[Problem description] Begin with the first line of the listing and quote every line through the one containing "- new net CHG_I_REF: J?.24 (P24)"; give only those lines.
------------------------------
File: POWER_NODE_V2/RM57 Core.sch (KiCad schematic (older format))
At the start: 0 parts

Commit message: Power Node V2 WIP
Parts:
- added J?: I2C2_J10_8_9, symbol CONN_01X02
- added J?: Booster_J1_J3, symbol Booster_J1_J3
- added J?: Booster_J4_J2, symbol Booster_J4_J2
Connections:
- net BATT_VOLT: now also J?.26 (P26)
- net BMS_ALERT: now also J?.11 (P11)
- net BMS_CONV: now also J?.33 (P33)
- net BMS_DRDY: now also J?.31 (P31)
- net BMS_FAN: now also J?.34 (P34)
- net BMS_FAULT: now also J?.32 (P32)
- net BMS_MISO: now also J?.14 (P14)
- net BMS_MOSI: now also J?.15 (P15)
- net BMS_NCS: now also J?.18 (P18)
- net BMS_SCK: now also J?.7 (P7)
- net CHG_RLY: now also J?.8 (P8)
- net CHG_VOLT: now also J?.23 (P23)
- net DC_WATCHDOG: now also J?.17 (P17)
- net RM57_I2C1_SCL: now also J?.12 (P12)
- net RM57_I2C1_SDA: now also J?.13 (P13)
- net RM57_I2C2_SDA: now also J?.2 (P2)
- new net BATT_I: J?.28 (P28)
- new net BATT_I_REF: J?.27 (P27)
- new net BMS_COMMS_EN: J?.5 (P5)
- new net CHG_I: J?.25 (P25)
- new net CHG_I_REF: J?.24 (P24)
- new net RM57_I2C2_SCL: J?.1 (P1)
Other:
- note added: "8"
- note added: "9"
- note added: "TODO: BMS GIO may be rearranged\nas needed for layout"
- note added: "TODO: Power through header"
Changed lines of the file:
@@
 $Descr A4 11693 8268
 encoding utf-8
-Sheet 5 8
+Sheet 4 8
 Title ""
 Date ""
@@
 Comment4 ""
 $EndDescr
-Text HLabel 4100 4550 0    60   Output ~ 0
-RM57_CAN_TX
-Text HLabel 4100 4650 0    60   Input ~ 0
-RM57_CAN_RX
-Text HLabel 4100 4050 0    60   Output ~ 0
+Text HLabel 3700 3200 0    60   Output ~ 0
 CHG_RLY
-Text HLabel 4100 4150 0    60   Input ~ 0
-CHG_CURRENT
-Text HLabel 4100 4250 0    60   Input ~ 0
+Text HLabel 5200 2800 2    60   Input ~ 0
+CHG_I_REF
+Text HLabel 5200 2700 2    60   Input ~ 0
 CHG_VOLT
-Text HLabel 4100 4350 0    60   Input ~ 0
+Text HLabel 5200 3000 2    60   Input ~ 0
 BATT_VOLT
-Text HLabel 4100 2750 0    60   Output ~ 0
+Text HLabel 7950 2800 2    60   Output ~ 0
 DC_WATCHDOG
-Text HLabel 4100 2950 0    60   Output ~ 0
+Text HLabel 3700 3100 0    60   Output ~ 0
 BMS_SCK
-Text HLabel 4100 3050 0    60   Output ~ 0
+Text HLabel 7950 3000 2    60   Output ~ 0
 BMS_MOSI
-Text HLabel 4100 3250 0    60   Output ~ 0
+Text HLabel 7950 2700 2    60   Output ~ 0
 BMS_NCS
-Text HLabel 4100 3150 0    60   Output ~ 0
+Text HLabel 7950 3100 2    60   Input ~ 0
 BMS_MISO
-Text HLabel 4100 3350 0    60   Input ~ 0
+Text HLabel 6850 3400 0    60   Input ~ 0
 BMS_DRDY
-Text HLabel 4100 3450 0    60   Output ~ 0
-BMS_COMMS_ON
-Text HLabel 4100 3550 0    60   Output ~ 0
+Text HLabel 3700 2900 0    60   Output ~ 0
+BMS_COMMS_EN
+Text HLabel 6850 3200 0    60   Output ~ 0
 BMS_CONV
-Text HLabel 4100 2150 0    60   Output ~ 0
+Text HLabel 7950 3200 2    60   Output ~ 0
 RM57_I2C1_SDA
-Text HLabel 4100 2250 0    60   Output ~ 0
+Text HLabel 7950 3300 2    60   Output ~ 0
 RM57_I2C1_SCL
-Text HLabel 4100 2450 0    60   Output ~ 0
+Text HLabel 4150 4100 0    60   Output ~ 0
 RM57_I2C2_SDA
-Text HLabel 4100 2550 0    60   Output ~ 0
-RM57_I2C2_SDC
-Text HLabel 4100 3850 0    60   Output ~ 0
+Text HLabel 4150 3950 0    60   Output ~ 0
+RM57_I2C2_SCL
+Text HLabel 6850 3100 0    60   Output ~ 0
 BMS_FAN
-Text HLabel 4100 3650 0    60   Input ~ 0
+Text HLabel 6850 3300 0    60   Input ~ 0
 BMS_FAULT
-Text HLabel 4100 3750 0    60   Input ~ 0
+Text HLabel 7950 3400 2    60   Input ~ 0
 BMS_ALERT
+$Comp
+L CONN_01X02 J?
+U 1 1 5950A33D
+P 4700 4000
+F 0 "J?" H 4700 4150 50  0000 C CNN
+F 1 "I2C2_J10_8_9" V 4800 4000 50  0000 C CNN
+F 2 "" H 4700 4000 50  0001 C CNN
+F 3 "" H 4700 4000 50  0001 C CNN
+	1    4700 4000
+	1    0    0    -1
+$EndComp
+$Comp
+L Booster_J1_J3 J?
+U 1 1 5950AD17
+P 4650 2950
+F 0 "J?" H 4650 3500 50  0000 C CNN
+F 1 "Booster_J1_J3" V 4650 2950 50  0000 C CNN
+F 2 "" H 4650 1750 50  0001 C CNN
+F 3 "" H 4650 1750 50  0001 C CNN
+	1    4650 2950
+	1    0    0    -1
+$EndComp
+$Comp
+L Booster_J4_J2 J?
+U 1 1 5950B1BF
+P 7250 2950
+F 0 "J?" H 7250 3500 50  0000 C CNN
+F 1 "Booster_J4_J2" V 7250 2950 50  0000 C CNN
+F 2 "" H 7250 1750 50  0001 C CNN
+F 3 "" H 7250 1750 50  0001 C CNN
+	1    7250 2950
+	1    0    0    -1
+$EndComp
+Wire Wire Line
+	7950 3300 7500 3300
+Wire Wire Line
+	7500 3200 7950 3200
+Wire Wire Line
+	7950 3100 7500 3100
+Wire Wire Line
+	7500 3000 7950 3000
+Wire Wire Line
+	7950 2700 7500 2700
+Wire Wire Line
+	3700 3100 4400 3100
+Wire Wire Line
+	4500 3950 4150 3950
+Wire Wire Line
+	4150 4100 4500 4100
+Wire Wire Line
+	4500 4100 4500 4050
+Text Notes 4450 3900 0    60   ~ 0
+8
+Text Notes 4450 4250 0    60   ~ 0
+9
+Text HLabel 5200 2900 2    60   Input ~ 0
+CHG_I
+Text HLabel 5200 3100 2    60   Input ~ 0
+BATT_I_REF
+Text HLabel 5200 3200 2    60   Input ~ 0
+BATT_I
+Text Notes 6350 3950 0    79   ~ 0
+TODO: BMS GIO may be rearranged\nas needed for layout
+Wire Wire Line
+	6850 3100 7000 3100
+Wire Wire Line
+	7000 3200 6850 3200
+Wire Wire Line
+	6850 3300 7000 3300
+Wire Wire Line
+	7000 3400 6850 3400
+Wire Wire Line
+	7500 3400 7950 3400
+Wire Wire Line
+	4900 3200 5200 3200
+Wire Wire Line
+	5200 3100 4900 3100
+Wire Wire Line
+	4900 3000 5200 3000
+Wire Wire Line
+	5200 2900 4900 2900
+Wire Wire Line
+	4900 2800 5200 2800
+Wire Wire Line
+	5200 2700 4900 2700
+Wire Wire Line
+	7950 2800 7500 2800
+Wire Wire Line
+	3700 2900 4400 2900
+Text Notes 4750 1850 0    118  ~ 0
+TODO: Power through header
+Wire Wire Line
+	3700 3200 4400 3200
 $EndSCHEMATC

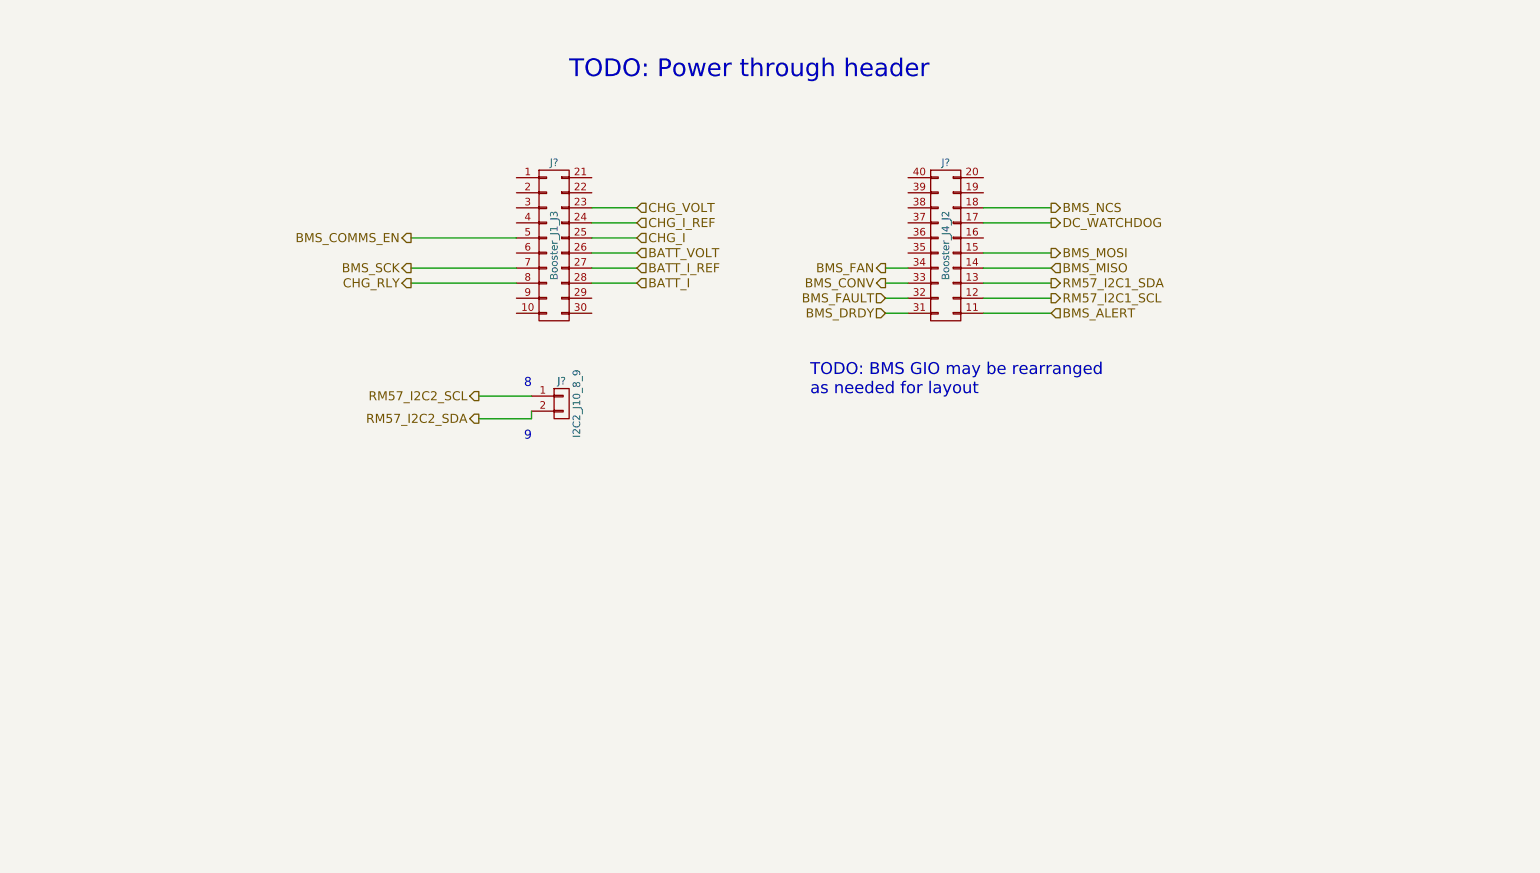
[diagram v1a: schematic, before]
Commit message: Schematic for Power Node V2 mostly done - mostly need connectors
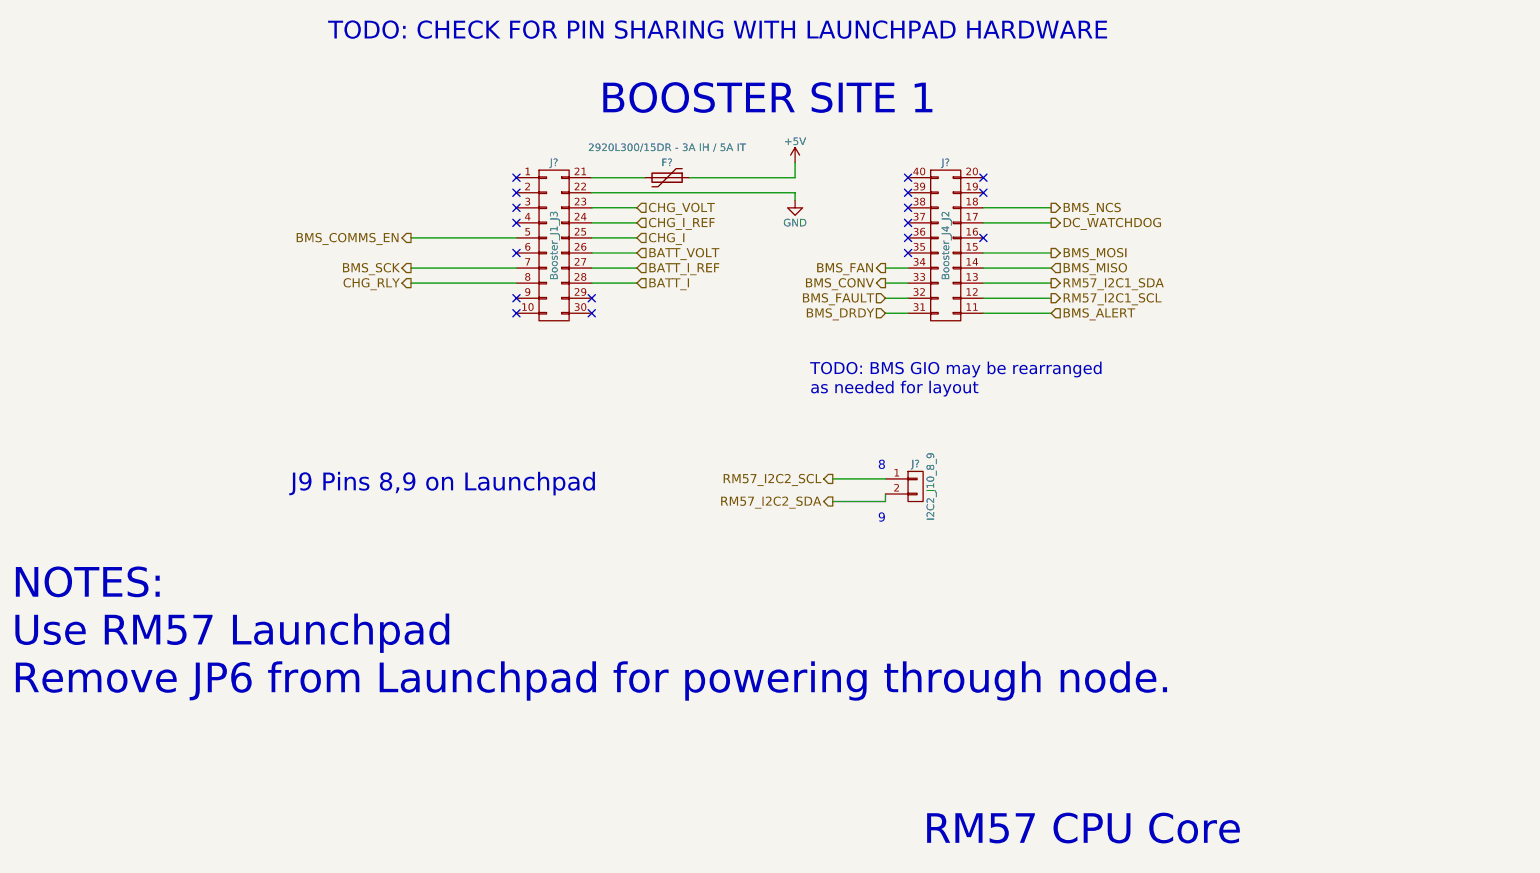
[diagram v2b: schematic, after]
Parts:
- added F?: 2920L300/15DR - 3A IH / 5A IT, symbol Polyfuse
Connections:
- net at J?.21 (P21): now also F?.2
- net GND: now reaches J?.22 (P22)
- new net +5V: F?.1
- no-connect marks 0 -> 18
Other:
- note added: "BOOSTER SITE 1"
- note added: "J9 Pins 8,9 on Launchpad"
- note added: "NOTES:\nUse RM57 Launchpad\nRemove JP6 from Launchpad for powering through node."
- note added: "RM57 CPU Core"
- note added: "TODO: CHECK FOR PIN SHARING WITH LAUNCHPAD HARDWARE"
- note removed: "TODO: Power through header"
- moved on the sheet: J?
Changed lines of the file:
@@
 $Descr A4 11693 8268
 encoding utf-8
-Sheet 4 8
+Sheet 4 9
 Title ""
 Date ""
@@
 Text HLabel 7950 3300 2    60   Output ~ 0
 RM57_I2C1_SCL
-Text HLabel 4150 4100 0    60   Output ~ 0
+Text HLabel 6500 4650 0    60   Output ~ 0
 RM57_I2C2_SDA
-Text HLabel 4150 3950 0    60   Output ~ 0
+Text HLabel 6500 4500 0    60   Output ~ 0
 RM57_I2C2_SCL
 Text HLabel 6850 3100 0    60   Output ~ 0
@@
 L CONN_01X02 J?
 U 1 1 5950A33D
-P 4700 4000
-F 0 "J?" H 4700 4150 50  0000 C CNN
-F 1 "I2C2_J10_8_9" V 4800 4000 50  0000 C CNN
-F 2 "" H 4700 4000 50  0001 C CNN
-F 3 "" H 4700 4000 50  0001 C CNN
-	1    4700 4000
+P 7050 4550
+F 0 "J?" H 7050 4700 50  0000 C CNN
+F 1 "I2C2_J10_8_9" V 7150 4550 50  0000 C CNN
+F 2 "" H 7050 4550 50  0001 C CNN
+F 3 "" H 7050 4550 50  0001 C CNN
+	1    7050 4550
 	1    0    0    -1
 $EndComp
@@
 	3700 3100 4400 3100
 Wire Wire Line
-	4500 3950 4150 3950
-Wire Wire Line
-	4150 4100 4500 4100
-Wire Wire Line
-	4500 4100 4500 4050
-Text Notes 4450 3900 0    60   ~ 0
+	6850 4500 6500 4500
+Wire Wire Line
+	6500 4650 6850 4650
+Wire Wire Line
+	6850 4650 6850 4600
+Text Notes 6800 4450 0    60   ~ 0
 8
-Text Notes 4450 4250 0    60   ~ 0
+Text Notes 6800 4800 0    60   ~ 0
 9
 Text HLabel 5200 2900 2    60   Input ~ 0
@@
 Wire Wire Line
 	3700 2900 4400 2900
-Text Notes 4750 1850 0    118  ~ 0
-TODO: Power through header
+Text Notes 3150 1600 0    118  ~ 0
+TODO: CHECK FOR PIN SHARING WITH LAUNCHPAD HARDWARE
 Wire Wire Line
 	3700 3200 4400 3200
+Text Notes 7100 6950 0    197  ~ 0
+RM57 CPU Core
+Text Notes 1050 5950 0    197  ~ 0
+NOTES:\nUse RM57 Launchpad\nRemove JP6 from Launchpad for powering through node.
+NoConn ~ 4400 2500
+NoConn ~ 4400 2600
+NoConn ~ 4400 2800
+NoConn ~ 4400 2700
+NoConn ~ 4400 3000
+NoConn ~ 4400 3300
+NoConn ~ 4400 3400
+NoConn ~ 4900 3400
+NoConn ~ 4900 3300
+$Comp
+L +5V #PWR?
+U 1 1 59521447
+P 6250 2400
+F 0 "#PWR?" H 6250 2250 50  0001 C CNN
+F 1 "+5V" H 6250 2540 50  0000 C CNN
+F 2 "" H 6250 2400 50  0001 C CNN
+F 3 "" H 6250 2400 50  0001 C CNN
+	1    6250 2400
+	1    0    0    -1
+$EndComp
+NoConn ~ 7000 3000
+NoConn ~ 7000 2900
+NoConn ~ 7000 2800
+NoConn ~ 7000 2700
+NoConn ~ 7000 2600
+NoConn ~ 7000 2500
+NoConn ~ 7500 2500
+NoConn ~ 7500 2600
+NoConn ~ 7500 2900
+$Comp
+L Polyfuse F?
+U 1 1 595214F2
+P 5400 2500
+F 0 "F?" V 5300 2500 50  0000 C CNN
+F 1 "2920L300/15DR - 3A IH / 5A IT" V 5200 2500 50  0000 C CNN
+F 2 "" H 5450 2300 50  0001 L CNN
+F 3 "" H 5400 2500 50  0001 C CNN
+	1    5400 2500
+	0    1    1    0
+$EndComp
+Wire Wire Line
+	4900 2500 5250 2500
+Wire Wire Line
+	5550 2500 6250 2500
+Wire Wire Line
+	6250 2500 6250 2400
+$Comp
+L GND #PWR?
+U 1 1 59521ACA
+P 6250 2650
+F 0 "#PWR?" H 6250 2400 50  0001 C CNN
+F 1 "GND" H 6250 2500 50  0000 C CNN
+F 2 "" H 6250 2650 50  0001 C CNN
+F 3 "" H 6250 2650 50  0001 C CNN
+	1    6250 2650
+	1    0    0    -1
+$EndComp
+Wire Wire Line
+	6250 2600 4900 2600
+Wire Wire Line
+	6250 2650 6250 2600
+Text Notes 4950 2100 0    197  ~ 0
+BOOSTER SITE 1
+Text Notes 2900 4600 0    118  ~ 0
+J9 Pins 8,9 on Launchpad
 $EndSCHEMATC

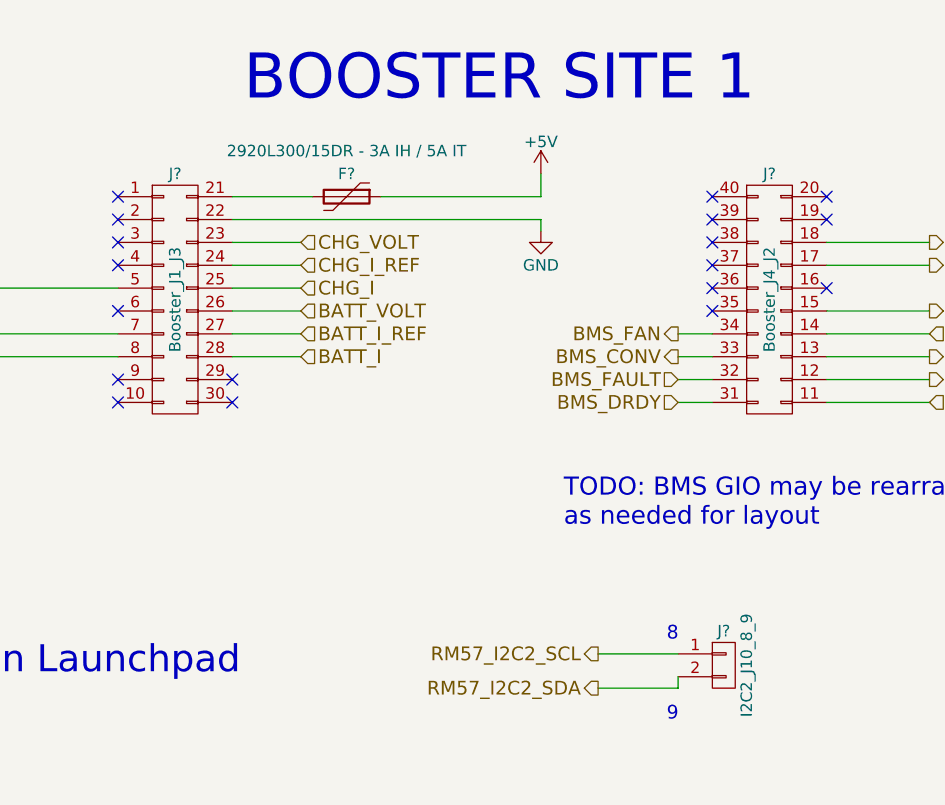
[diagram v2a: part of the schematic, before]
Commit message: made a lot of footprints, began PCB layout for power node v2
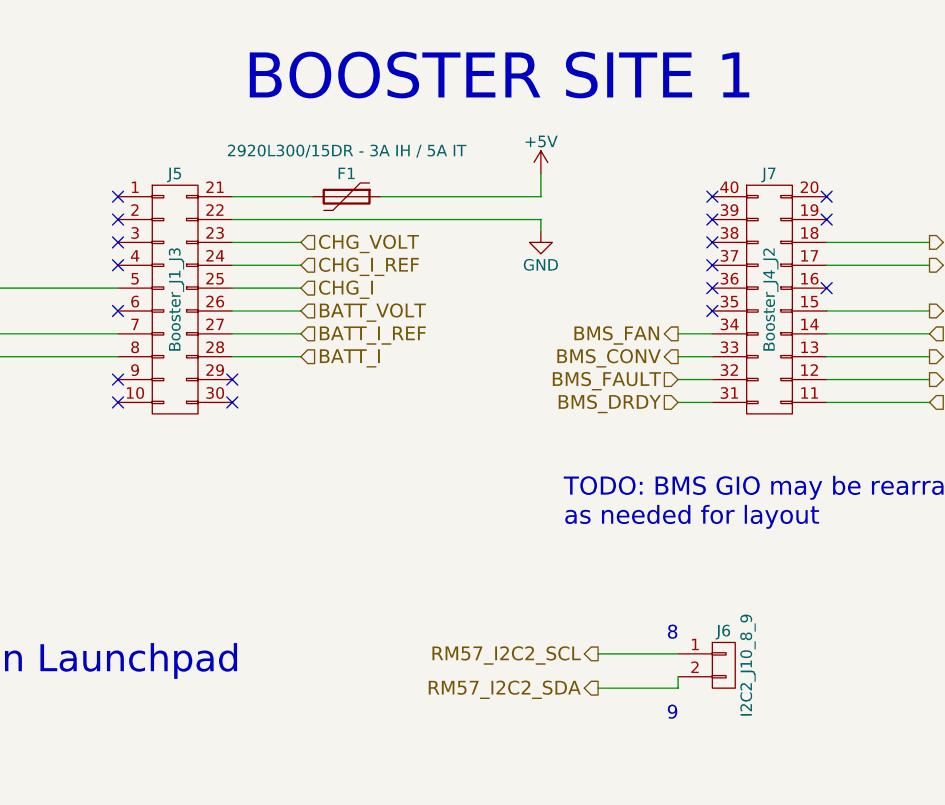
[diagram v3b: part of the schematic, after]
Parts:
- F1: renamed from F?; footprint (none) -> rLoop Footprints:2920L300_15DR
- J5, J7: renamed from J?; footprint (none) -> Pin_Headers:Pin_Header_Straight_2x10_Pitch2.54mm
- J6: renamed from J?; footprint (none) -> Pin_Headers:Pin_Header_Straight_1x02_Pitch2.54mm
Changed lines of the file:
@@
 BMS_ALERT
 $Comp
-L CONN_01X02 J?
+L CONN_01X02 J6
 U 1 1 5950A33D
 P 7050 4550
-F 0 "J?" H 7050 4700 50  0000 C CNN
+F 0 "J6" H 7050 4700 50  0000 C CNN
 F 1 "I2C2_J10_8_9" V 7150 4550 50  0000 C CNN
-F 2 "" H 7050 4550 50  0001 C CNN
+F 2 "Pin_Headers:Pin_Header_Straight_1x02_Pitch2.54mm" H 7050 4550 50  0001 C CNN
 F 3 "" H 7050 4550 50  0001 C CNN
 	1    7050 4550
------------------------------
[Exercise response]
File: POWER_NODE_V2/RM57 Core.sch (KiCad schematic (older format))
At the start: 0 parts

Commit message: Power Node V2 WIP
Parts:
- added J?: I2C2_J10_8_9, symbol CONN_01X02
- added J?: Booster_J1_J3, symbol Booster_J1_J3
- added J?: Booster_J4_J2, symbol Booster_J4_J2
Connections:
- net BATT_VOLT: now also J?.26 (P26)
- net BMS_ALERT: now also J?.11 (P11)
- net BMS_CONV: now also J?.33 (P33)
- net BMS_DRDY: now also J?.31 (P31)
- net BMS_FAN: now also J?.34 (P34)
- net BMS_FAULT: now also J?.32 (P32)
- net BMS_MISO: now also J?.14 (P14)
- net BMS_MOSI: now also J?.15 (P15)
- net BMS_NCS: now also J?.18 (P18)
- net BMS_SCK: now also J?.7 (P7)
- net CHG_RLY: now also J?.8 (P8)
- net CHG_VOLT: now also J?.23 (P23)
- net DC_WATCHDOG: now also J?.17 (P17)
- net RM57_I2C1_SCL: now also J?.12 (P12)
- net RM57_I2C1_SDA: now also J?.13 (P13)
- net RM57_I2C2_SDA: now also J?.2 (P2)
- new net BATT_I: J?.28 (P28)
- new net BATT_I_REF: J?.27 (P27)
- new net BMS_COMMS_EN: J?.5 (P5)
- new net CHG_I: J?.25 (P25)
- new net CHG_I_REF: J?.24 (P24)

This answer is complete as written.